The return phase will start once Orion swings around the Moon and deploys for a four-day inbound trajectory. As the spacecraft approaches Earth, the service module will detach, leaving the crew module to endure the intense heat of atmospheric reentry. Lessons from Artemis I’s unexpectedly severe heat shield char have driven changes to the reentry trajectory, reducing thermal stress and minimizing gas generation rates within the ablative material. Rick Henfling, the entry flight director, pointed out that the updated profile “is not going to replicate that temperature environment” of the earlier mission.
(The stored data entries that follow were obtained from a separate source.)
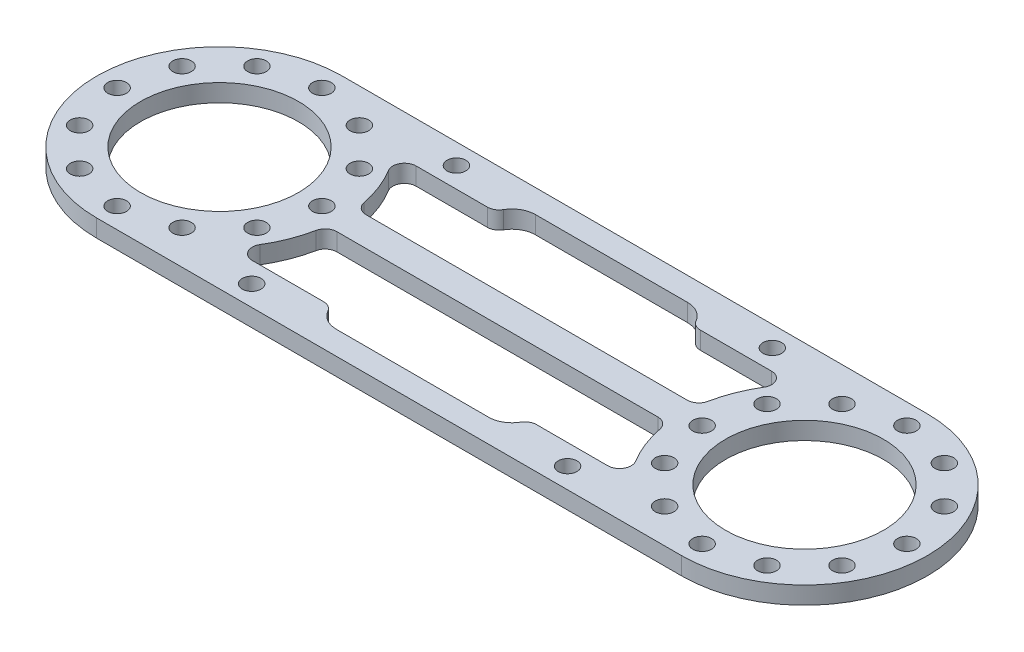
SolidWorks part; units mm, degrees
material "Thornel Mat VMA"
ref_plane "前视基准面" through (0, 0, 0) normal (0, 0, 1) x (1, 0, 0)
ref_plane "上视基准面" through (0, 0, 0) normal (0, 1, 0) x (1, 0, 0)
ref_plane "右视基准面" through (0, 0, 0) normal (1, 0, 0) x (0, 0, -1)
other "Configuration Table"
sketch "草图1" plane through (0, 0, 0) normal (0, 1, 0) x (1, 0, 0)
  line L0 (-50, 0) -> (50, 0) construction
  line L1 (-50, 21) -> (50, 21)
  line L2 (-50, -21) -> (50, -21)
  line L3 (0, -32.5) -> (0, 32.763) construction
  line L4 (-87.3644, -32.5) -> (86.7644, -32.5) construction
  arc A0 (-50, 21) -> (-50, -21) centre (-50, 0) ccw
  arc A1 (50, -21) -> (50, 21) centre (50, 0) ccw
  circle A2 centre (-50, 0) radius 13.5
  circle A3 centre (-50, 17.5) radius 1.6
  circle A4 centre (-13, 13) radius 1.6
  circle A5 centre (-13, -13) radius 1.6
  circle A6 centre (-41.25, 15.1554) radius 1.6
  circle A7 centre (-34.8446, 8.75) radius 1.6
  circle A8 centre (-32.5, 0) radius 1.6
  circle A9 centre (-34.8446, -8.75) radius 1.6
  circle A10 centre (-41.25, -15.1554) radius 1.6
  circle A11 centre (-50, -17.5) radius 1.6
  circle A12 centre (-58.75, -15.1554) radius 1.6
  circle A13 centre (-65.1554, -8.75) radius 1.6
  circle A14 centre (-67.5, 0) radius 1.6
  circle A15 centre (-65.1554, 8.75) radius 1.6
  circle A16 centre (-58.75, 15.1554) radius 1.6
  circle A17 centre (58.75, 15.1554) radius 1.6
  circle A18 centre (65.1554, 8.75) radius 1.6
  circle A19 centre (67.5, 0) radius 1.6
  circle A20 centre (65.1554, -8.75) radius 1.6
  circle A21 centre (58.75, -15.1554) radius 1.6
  circle A22 centre (50, -17.5) radius 1.6
  circle A23 centre (41.25, -15.1554) radius 1.6
  circle A24 centre (34.8446, -8.75) radius 1.6
  circle A25 centre (32.5, 0) radius 1.6
  circle A26 centre (41.25, 15.1554) radius 1.6
  circle A27 centre (13, -13) radius 1.6
  circle A28 centre (13, 13) radius 1.6
  circle A29 centre (50, 17.5) radius 1.6
  circle A30 centre (50, 0) radius 13.5
  circle A31 centre (34.8446, 8.75) radius 1.6
  point P2 (0, 0)
  point P40 (-50, 0)
  point P67 (50, 0)
  dimension "D2" = 21
  dimension "D3" = 27
  dimension "D5" = 3.2
  dimension "D9" = 3.2
  dimension "D1" = 100
  dimension "D4" = 17.5
  dimension "D6" = 26
  dimension "D7" = 13
  dimension "D8" = 13
  dimension "D11" = 32.5
  dimension "D10" = 12
extrude "凸台-拉伸1" add sketch "草图1" along normal blind 3
sketch "草图2" plane through (0, 3, 0) normal (0, 1, 0) x (1, 0, 0)
  line L1 (-50, 14) -> (50, 14)
  line L2 (-50, 14) -> (-50, -14)
  line L3 (-50, -14) -> (50, -14)
  line L4 (50, 14) -> (50, -14)
  line L5 (-50, -21) -> (50, -21) construction
  circle A0 centre (-13, -13) radius 4
  circle A1 centre (13, -13) radius 4
  circle A2 centre (13, 13) radius 4
  circle A3 centre (-13, 13) radius 4
  circle A4 centre (-50, 0) radius 21
  circle A5 centre (50, 0) radius 21
  point P24 (50, 0)
  point P25 (-50, 0)
  circle M9 centre (13, 13) radius 1.6
  circle M21 centre (-13, 13) radius 1.6
  circle M22 centre (-13, -13) radius 1.6
  circle M39 centre (13, -13) radius 1.6
  dimension "D1" = 8
  dimension "D2" = 7
extrude "切除-拉伸1" cut sketch "草图2" against normal blind 10 contours A5 L1 A2 A3 A4 L3 A0 A1 | L3 A0 M22 | L3 A0 M22 | L3 A1 M39 | L3 A1 M39 | L1 A3 M21 | L1 A3 M21 | L1 A2 M9 | L1 A2 M9
sketch "草图3" plane through (0, 3, 0) normal (0, 1, 0) x (1, 0, 0)
  line L0 (-30.9, 0) -> (30.9, 0)
  circle A0 centre (32.5, 0) radius 1.6 construction
  circle A1 centre (-32.5, 0) radius 1.6 construction
extrude "拉伸-薄壁1" add sketch "草图3" against normal blind 3 thin thin type mid plane wall 5
fillet "圆角1" radius 2 16 edges at (29.1493, 1.5, -2.5) (34.3475, 1.5, -14) (16.873, 1.5, -14) (9.127, 1.5, -14) (-9.127, 1.5, -14) (-16.873, 1.5, -14) (-34.3475, 1.5, -14) (-29.1493, 1.5, -2.5) (-34.3475, 1.5, 14) (-16.873, 1.5, 14) (-9.127, 1.5, 14) (9.127, 1.5, 14) (16.873, 1.5, 14) (34.3475, 1.5, 14) (29.1493, 1.5, 2.5) (-29.1493, 1.5, 2.5)
sketch "草图5" plane through (0, 0, 0) normal (0, 1, 0) x (1, 0, 0)
  line L1 (-10, 14.35) -> (10, 14.35) construction
  line L2 (-10, 14.35) -> (-10, -14.35) construction
  line L3 (-10, -14.35) -> (10, -14.35) construction
  line L4 (10, 14.35) -> (10, -14.35) construction
  line L5 (-10, 14.35) -> (10, -14.35) construction
  line L6 (-10, -14.35) -> (10, 14.35) construction
  point P0 (0, 0)
  dimension "D1" = 20
  dimension "D2" = 28.7
sketch "草图6" plane through (0, 3, 0) normal (0, 1, 0) x (1, 0, 0)
  line L1 (13, -17) -> (-13, -17)
  line L2 (13, -17) -> (13, -12)
  line L3 (13, -12) -> (-13, -12)
  line L4 (-13, -17) -> (-13, -12)
  line L5 (13, 17) -> (-13, 17)
  line L6 (13, 17) -> (13, 12)
  line L7 (13, 12) -> (-13, 12)
  line L8 (-13, 17) -> (-13, 12)
  arc A0 (9.5359, -15) -> (16.4641, -15) centre (13, -13) ccw construction
  arc A1 (16.4641, 15) -> (9.5359, 15) centre (13, 13) ccw construction
  arc A2 (-16.4641, -15) -> (-9.5359, -15) centre (-13, -13) ccw construction
  arc A3 (-16.4641, -15) -> (-9.5359, -15) centre (-13, -13) ccw construction
  point P18 (-13, -17)
  dimension "D1" = 5
extrude "切除-拉伸2" cut sketch "草图6" against normal blind 10
sketch "草图7" plane through (0, 3, 0) normal (0, 1, 0) x (1, 0, 0)
  line L1 (-27, 17.5) -> (27, 17.5) construction
  line L2 (-27, 17.5) -> (-27, -17.5) construction
  line L3 (-27, -17.5) -> (27, -17.5) construction
  line L4 (27, 17.5) -> (27, -17.5) construction
  line L5 (-27, 17.5) -> (27, -17.5) construction
  line L6 (-27, -17.5) -> (27, 17.5) construction
  circle A0 centre (50, 17.5) radius 1.6 construction
  circle A1 centre (32.5, 0) radius 1.6 construction
  circle A2 centre (50, -17.5) radius 1.6 construction
  circle A3 centre (50, 17.5) radius 1.6 construction
  circle A4 centre (32.5, 0) radius 1.6 construction
  circle A5 centre (50, -17.5) radius 1.6 construction
  circle A6 centre (27, -17.5) radius 1.6
  circle A7 centre (27, 17.5) radius 1.6
  circle A8 centre (-27, 17.5) radius 1.6
  circle A9 centre (-27, -17.5) radius 1.6
  point P0 (0, 0)
  dimension "D1" = 54
extrude "切除-拉伸3" cut sketch "草图7" against normal blind 10
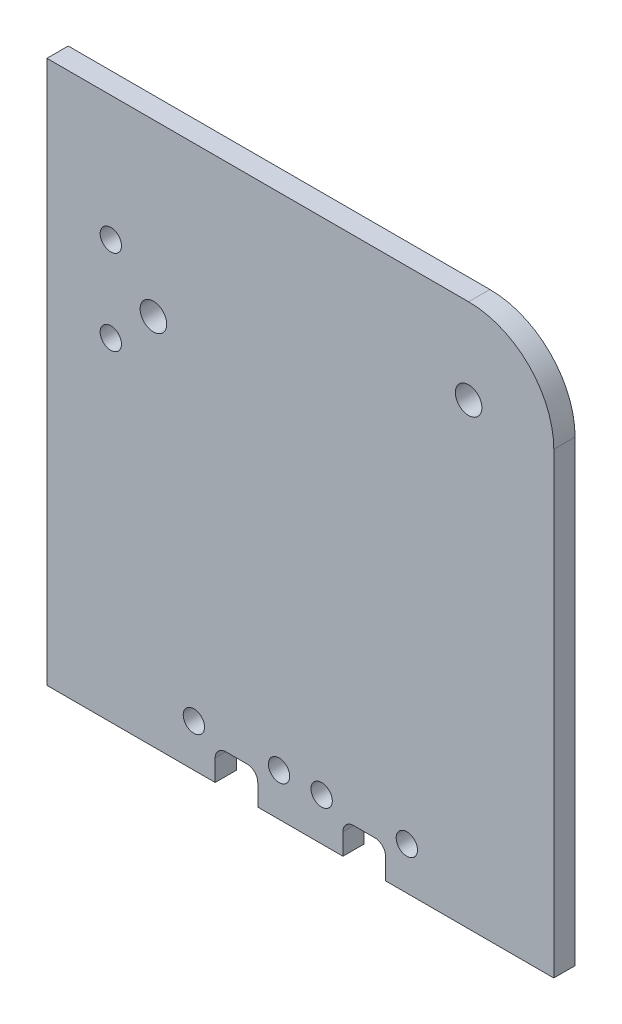
SolidWorks part; units mm, degrees
material "自訂玻璃纖維"
ref_plane "前基準面" through (0, 0, 0) normal (0, 0, 1) x (1, 0, 0)
ref_plane "上基準面" through (0, 0, 0) normal (0, 1, 0) x (1, 0, 0)
ref_plane "右基準面" through (0, 0, 0) normal (1, 0, 0) x (0, 0, -1)
sketch "草圖1" plane through (0, 0, 0) normal (0, 0, 1) x (1, 0, 0)
  line L0 (-28.5419, -5.3352) -> (-28.5419, -52.3352)
  line L1 (19.0581, -12.618) -> (19.0581, -52.618)
  line L2 (-28.5419, -52.3352) -> (-28.5419, -53.618)
  line L3 (-27.5419, -4.618) -> (11.0581, -4.618)
  line L4 (-11.7419, -52.618) -> (-9.7419, -52.618)
  line L5 (-8.7419, -55.618) -> (-0.7419, -55.618)
  line L6 (19.0581, -53.9008) -> (19.0581, -52.618)
  line L7 (-27.5419, -4.618) -> (-28.5419, -4.618)
  line L8 (-28.5419, -4.618) -> (-28.5419, -5.3352)
  line L9 (-12.7419, -53.618) -> (-12.7419, -55.618)
  line L10 (3.2581, -53.618) -> (3.2581, -55.618)
  line L11 (-8.7419, -53.618) -> (-8.7419, -55.618)
  line L12 (-28.5419, -53.618) -> (-28.5419, -55.618)
  line L13 (-28.5419, -55.618) -> (-12.7419, -55.618)
  line L14 (19.0581, -53.9008) -> (19.0581, -55.618)
  line L15 (0.2581, -52.618) -> (2.2581, -52.618)
  line L16 (-0.7419, -53.618) -> (-0.7419, -55.618)
  line L17 (3.2581, -55.618) -> (19.0581, -55.618)
  circle A0 centre (-18.5419, -20.618) radius 1.25
  circle A4 centre (-6.7419, -51.618) radius 1
  circle A5 centre (-22.5419, -16.368) radius 1
  circle A6 centre (-22.5419, -24.368) radius 1
  arc A7 (-12.7419, -53.618) -> (-11.7419, -52.618) centre (-11.7419, -53.618) cw
  arc A8 (-9.7419, -52.618) -> (-8.7419, -53.618) centre (-9.7419, -53.618) cw
  circle A9 centre (11.0581, -12.618) radius 1.25
  circle A10 centre (-14.7419, -51.618) radius 1
  circle A12 centre (5.2581, -51.618) radius 1
  circle A13 centre (-2.7419, -51.618) radius 1
  arc A14 (19.0581, -12.618) -> (11.0581, -4.618) centre (11.0581, -12.618) ccw
  arc A15 (2.2581, -52.618) -> (3.2581, -53.618) centre (2.2581, -53.618) cw
  arc A16 (-0.7419, -53.618) -> (0.2581, -52.618) centre (0.2581, -53.618) cw
  point P3 (11.0581, -12.618)
  point P19 (11.0581, -12.618)
  point P24 (-18.5419, -20.618)
  point P38 (-28.5419, -53.618)
  dimension "D3" = 2.5
  dimension "D4" = 8
  dimension "D5" = 2
  dimension "D6" = 2
  dimension "D7" = 2
  dimension "D11" = 4
  dimension "D9" = 2
  dimension "D2" = 4
extrude "填料-伸長2" add sketch "草圖1" along normal blind 2
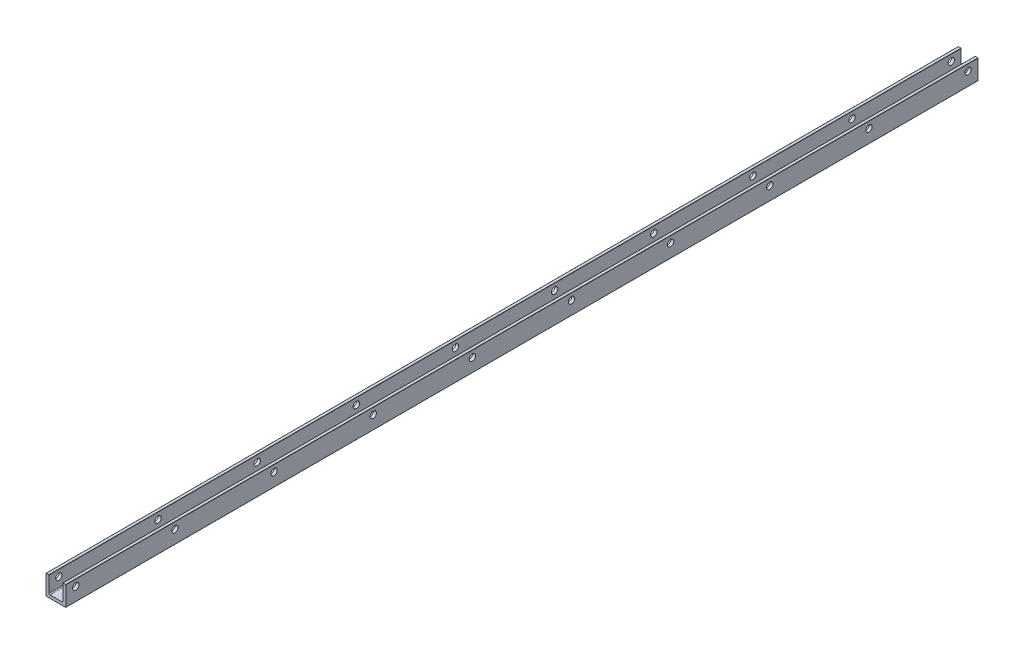
SolidWorks part; units mm, degrees
ref_plane "Front Plane" through (0, 0, 0) normal (0, 0, 1) x (1, 0, 0)
ref_plane "Top Plane" through (0, 0, 0) normal (0, 1, 0) x (1, 0, 0)
ref_plane "Right Plane" through (0, 0, 0) normal (1, 0, 0) x (0, 0, -1)
sketch "Sketch1" plane through (0, 0, 0) normal (0, 0, 1) x (1, 0, 0)
  line L0 (0, 0) -> (0, 13962.1943) construction
  line L1 (-5, 0) -> (5, 0)
  line L2 (5, 0) -> (5, 10)
  line L3 (5, 10) -> (3.5, 10)
  line L4 (3.5, 10) -> (3.5, 1.5)
  line L5 (3.5, 1.5) -> (-3.5, 1.5)
  line L6 (-3.5, 10) -> (-3.5, 1.5)
  line L7 (-5, 10) -> (-3.5, 10)
  line L8 (-5, 0) -> (-5, 10)
  point P9 (0, 0)
  point P11 (0, 1.5)
  point P14 (0, 0)
  dimension "D1" = 5
  dimension "D2" = 10
  dimension "D3" = 1.5
  dimension "D4" = 1.5
extrude "Boss-Extrude1" add sketch "Sketch1" along normal blind 460
fillet "Fillet1" radius 0.5 2 edges at (-3.5, 1.5, 230) (3.5, 1.5, 230)
fillet "Fillet2" radius 0.1 6 edges at (5, 0, 230) (-5, 0, 230) (5, 10, 230) (3.5, 10, 230) (-3.5, 10, 230) (-5, 10, 230)
sketch "Sketch2" plane through (-5, 0, 0) normal (-1, 0, 0) x (0, 0, 1)
  line L0 (460, 9.9) -> (0, 9.9) construction
  line L1 (0, 9.9) -> (0, 0.1) construction
  circle A0 centre (5, 6.7) radius 1.6
  circle A1 centre (55, 6.7) radius 1.6
  circle A2 centre (105, 6.7) radius 1.6
  circle A3 centre (155, 6.7) radius 1.6
  circle A4 centre (205, 6.7) radius 1.6
  circle A5 centre (255, 6.7) radius 1.6
  circle A6 centre (305, 6.7) radius 1.6
  circle A7 centre (355, 6.7) radius 1.6
  circle A8 centre (405, 6.7) radius 1.6
  circle A9 centre (455, 6.7) radius 1.6
  circle A10 centre (505, 6.7) radius 1.6
  dimension "D1" = 3.2
  dimension "D2" = 3.2
  dimension "D3" = 5
  dimension "D4" = 11
extrude "Cut-Extrude1" cut sketch "Sketch2" against normal through all
sketch "Sketch4" plane through (0, 0, 0) normal (0, -1, 0) x (1, 0, 0)
  line L0 (0, 0) -> (0, 50000) construction
  circle A0 centre (0, 30) radius 2.7
  dimension "D1" = 30
  dimension "D2" = 5.4
extrude "Cut-Extrude2" cut sketch "Sketch4" against normal through all

Although Artemis II is a milestone in its own right, it is also a step toward Artemis III, which will land astronauts on the Moon no earlier than mid-2027. That mission depends on the availability of SpaceX’s Starship Human Landing System, a variant of the system intended for lunar surface transportation. But NASA’s Aerospace Safety Advisory Panel has cautioned that the HLS timeline is “significantly challenged” because of remaining engineering challenges, among them cryogenic propellant transfer in microgravity. Without this function, Starship is unable to refuel on orbit for the transit from lunar orbit to the lunar surface. NASA safety analyst Paul Hill warned that the system “could be years late for a 2027 Artemis III Moon landing.”
These delays carry geopolitical weight. China’s own lunar program, centered on its Lanyue lander, targets a crewed Moon landing by 2030, and U.S. officials have voiced determination to beat that timeline. Acting NASA Administrator Sean Duffy underscored the urgency, saying, “could be years late for a 2027 Artemis III Moon landing.”
For the time being, the success of Artemis II will not be measured by how it plants a flag, but as to whether it can safely deliver humans into deep space and return them back home, something not demonstrated since Apollo 17 in 1972. All the subsystems, from propulsion to life support, will be scrutinized, with the data collected informing the engineering course to the next giant leap.